Develop a baseline or “most likely” scenario first, then create best-case and worst-case scenarios to stress test your prospective project, initiative, or decision. Developing and analyzing three scenarios will help your team and other stakeholders see other possible scenarios to explore.

Synario is known for its ability to help business leaders analyze an unlimited array of potential futures using patented scenario analysis technology. Synario’s micro and macro scenario manager keeps your what-if questions and overarching scenarios organized without needing to create new versions of a financial model. Users can change micro scenario elements like assumptions and formulas on the fly, allowing for fast sensitivity analysis during meetings or presentations. Alternatively, users can save different configurations of micro scenario elements into larger macro scenarios to quickly project different financial futures.

During the Project Stage, Synario’s micro and macro scenario manager can save finance teams valuable time in building and analyzing a variety of key financial scenarios.

Deciding Stage

When you eventually reach the deciding stage of a project, where you make the decision to move forward or step backward for further analysis, it is important to help your team remember the difference between consensus and agreement.

Groupthink is a common mistake many teams make, i.e. a solution is put forward and the rest of the team goes along with it not because it is the most optimal, but because they do not wish to go against the rest of the group. To that end, total team agreement is not necessarily the team goal, however, team consensus is the goal. Effective team consensus means that your team may not be in total alignment about specific aspects of your plan, however, every team member agrees that the plan effectively accomplishes the original goal.

After making a decision or reaching a consensus; you need to create an implementation plan. To make sure the plan moves forward, implement an accountability plan that effectively distributes and prioritizes tasks and responsibilities. communicating critical milestones to stakeholders and the organization as a whole can also cement the project, initiative, or decision into your organization’s strategic plan as well as hold your team accountable to individuals outside of its own members.

This is again where financial modeling software like Synario is useful as it enables you to build different user-specific dashboards that display important financial and strategic data points without the clutter or risk of managing and sharing complete spreadsheet-based financial models.

Collaborating with Colleagues decision

Collaborating with Colleagues – Summary

As you begin your collaborative project journey, you as a leader must assess the strengths and weaknesses of your team and assign informal roles. Then clarify the goals of the project by talking through objectives and potential roadblocks, both external and internal, with your team.

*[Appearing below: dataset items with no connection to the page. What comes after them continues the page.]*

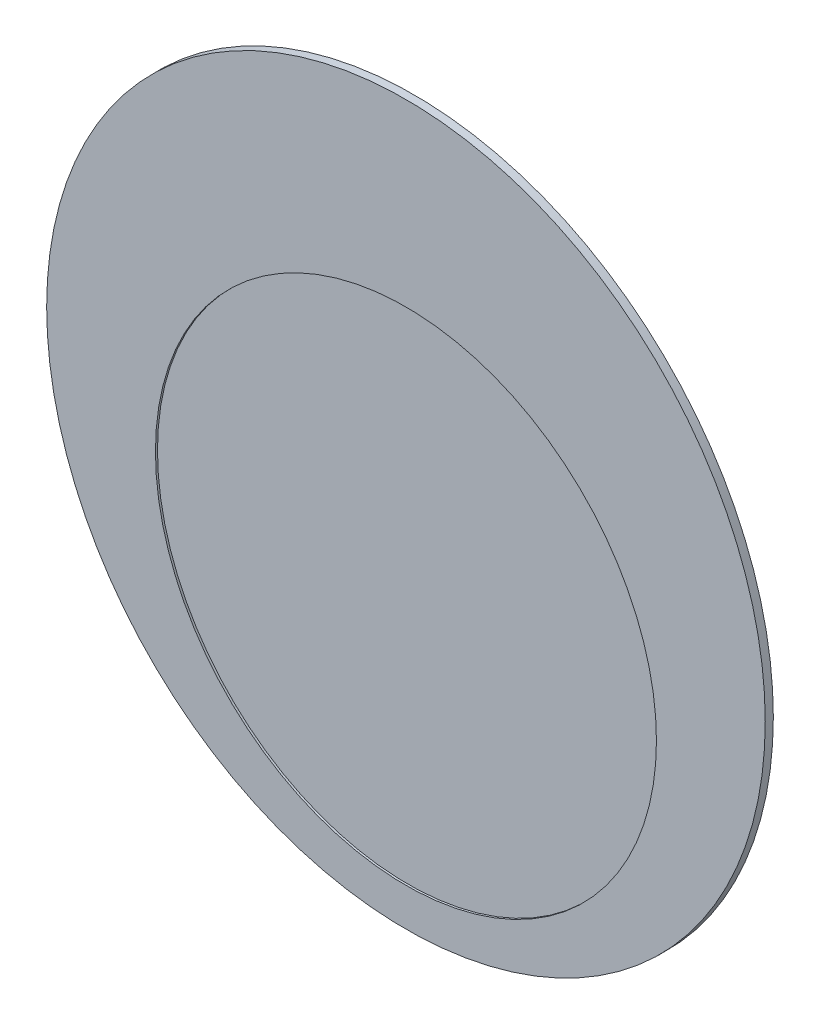
ISO-10303-21;
HEADER;
FILE_DESCRIPTION(('STEP AP214'),'2;1');
FILE_NAME('part.step','',(''),(''),'','','');
FILE_SCHEMA(('AUTOMOTIVE_DESIGN { 1 0 10303 214 1 1 1 1 }'));
ENDSEC;
DATA;
#1=APPLICATION_CONTEXT('core data for automotive mechanical design processes');
#2=APPLICATION_PROTOCOL_DEFINITION('international standard','automotive_design',2000,#1);
#3=PRODUCT_CONTEXT('',#1,'mechanical');
#4=PRODUCT('Part','Part','',(#3));
#5=PRODUCT_RELATED_PRODUCT_CATEGORY('part','',(#4));
#6=PRODUCT_DEFINITION_FORMATION('','',#4);
#7=PRODUCT_DEFINITION_CONTEXT('part definition',#1,'design');
#8=PRODUCT_DEFINITION('design','',#6,#7);
#9=PRODUCT_DEFINITION_SHAPE('','',#8);
#10=(LENGTH_UNIT() NAMED_UNIT(*) SI_UNIT(.MILLI.,.METRE.));
#11=(NAMED_UNIT(*) PLANE_ANGLE_UNIT() SI_UNIT($,.RADIAN.));
#12=(NAMED_UNIT(*) SI_UNIT($,.STERADIAN.) SOLID_ANGLE_UNIT());
#13=UNCERTAINTY_MEASURE_WITH_UNIT(LENGTH_MEASURE(1.E-05),#10,'distance_accuracy_value','');
#14=(GEOMETRIC_REPRESENTATION_CONTEXT(3) GLOBAL_UNCERTAINTY_ASSIGNED_CONTEXT((#13)) GLOBAL_UNIT_ASSIGNED_CONTEXT((#10,
#11,#12)) REPRESENTATION_CONTEXT('',''));
#15=CARTESIAN_POINT('',(0.,0.,0.));
#16=DIRECTION('',(0.,0.,1.));
#17=DIRECTION('',(1.,0.,0.));
#18=AXIS2_PLACEMENT_3D('',#15,#16,#17);
#19=CARTESIAN_POINT('',(0.,0.,0.8));
#20=DIRECTION('',(0.,0.,-1.));
#21=DIRECTION('',(-1.,0.,0.));
#22=AXIS2_PLACEMENT_3D('',#19,#20,#21);
#23=CYLINDRICAL_SURFACE('',#22,35.5);
#24=CARTESIAN_POINT('',(0.,0.,0.8));
#25=DIRECTION('',(0.,0.,1.));
#26=DIRECTION('',(1.,0.,0.));
#27=AXIS2_PLACEMENT_3D('',#24,#25,#26);
#28=CIRCLE('',#27,35.5);
#29=CARTESIAN_POINT('',(35.5,0.,0.8));
#30=VERTEX_POINT('',#29);
#31=EDGE_CURVE('E10',#30,#30,#28,.T.);
#32=ORIENTED_EDGE('',*,*,#31,.F.);
#33=EDGE_LOOP('',(#32));
#34=FACE_BOUND('',#33,.T.);
#35=CARTESIAN_POINT('',(0.,0.,0.));
#36=DIRECTION('',(0.,0.,1.));
#37=DIRECTION('',(1.,0.,0.));
#38=AXIS2_PLACEMENT_3D('',#35,#36,#37);
#39=CIRCLE('',#38,35.5);
#40=CARTESIAN_POINT('',(35.5,0.,0.));
#41=VERTEX_POINT('',#40);
#42=EDGE_CURVE('E40',#41,#41,#39,.T.);
#43=ORIENTED_EDGE('',*,*,#42,.T.);
#44=EDGE_LOOP('',(#43));
#45=FACE_BOUND('',#44,.T.);
#46=ADVANCED_FACE('F37',(#34,#45),#23,.T.);
#47=CARTESIAN_POINT('',(0.,0.,0.8));
#48=DIRECTION('',(0.,0.,1.));
#49=DIRECTION('',(1.,0.,0.));
#50=AXIS2_PLACEMENT_3D('',#47,#48,#49);
#51=PLANE('',#50);
#52=CARTESIAN_POINT('',(0.,-7.,0.8));
#53=DIRECTION('',(0.,0.,1.));
#54=DIRECTION('',(1.,0.,0.));
#55=AXIS2_PLACEMENT_3D('',#52,#53,#54);
#56=CIRCLE('',#55,24.75);
#57=CARTESIAN_POINT('',(24.75,-7.,0.8));
#58=VERTEX_POINT('',#57);
#59=EDGE_CURVE('E51',#58,#58,#56,.T.);
#60=ORIENTED_EDGE('',*,*,#59,.F.);
#61=EDGE_LOOP('',(#60));
#62=FACE_BOUND('',#61,.T.);
#63=ORIENTED_EDGE('',*,*,#31,.T.);
#64=EDGE_LOOP('',(#63));
#65=FACE_BOUND('',#64,.T.);
#66=ADVANCED_FACE('F68',(#62,#65),#51,.T.);
#67=CARTESIAN_POINT('',(0.,0.,0.));
#68=DIRECTION('',(0.,0.,1.));
#69=DIRECTION('',(1.,0.,0.));
#70=AXIS2_PLACEMENT_3D('',#67,#68,#69);
#71=PLANE('',#70);
#72=ORIENTED_EDGE('',*,*,#42,.F.);
#73=EDGE_LOOP('',(#72));
#74=FACE_BOUND('',#73,.T.);
#75=ADVANCED_FACE('F64',(#74),#71,.F.);
#76=CARTESIAN_POINT('',(0.,-7.,0.6));
#77=DIRECTION('',(0.,0.,1.));
#78=DIRECTION('',(1.,0.,0.));
#79=AXIS2_PLACEMENT_3D('',#76,#77,#78);
#80=CYLINDRICAL_SURFACE('',#79,24.75);
#81=CARTESIAN_POINT('',(0.,-7.,0.6));
#82=DIRECTION('',(0.,0.,1.));
#83=DIRECTION('',(1.,0.,0.));
#84=AXIS2_PLACEMENT_3D('',#81,#82,#83);
#85=CIRCLE('',#84,24.75);
#86=CARTESIAN_POINT('',(24.75,-7.,0.6));
#87=VERTEX_POINT('',#86);
#88=EDGE_CURVE('E49',#87,#87,#85,.T.);
#89=ORIENTED_EDGE('',*,*,#88,.F.);
#90=EDGE_LOOP('',(#89));
#91=FACE_BOUND('',#90,.T.);
#92=ORIENTED_EDGE('',*,*,#59,.T.);
#93=EDGE_LOOP('',(#92));
#94=FACE_BOUND('',#93,.T.);
#95=ADVANCED_FACE('F61',(#91,#94),#80,.F.);
#96=CARTESIAN_POINT('',(0.,-7.,0.6));
#97=DIRECTION('',(0.,0.,1.));
#98=DIRECTION('',(1.,0.,0.));
#99=AXIS2_PLACEMENT_3D('',#96,#97,#98);
#100=PLANE('',#99);
#101=ORIENTED_EDGE('',*,*,#88,.T.);
#102=EDGE_LOOP('',(#101));
#103=FACE_BOUND('',#102,.T.);
#104=ADVANCED_FACE('F59',(#103),#100,.T.);
#105=CLOSED_SHELL('',(#46,#66,#75,#95,#104));
#106=MANIFOLD_SOLID_BREP('B2',#105);
#107=ADVANCED_BREP_SHAPE_REPRESENTATION('',(#18,#106),#14);
#108=SHAPE_DEFINITION_REPRESENTATION(#9,#107);
ENDSEC;
END-ISO-10303-21;

Throughout your planning process ask yourself, “what does a bad decision cost us?” A good financial modeling regime facilitates informed decision-making, allowing organizations to bypass the strategic and financial drawbacks of an unanticipated negative outcome on a mission-critical decision. By using tools like Synario, teams can spend less time arguing over under-analyzed future outcomes and more time efficiently coordinating resources to communicate and execute organizational goals.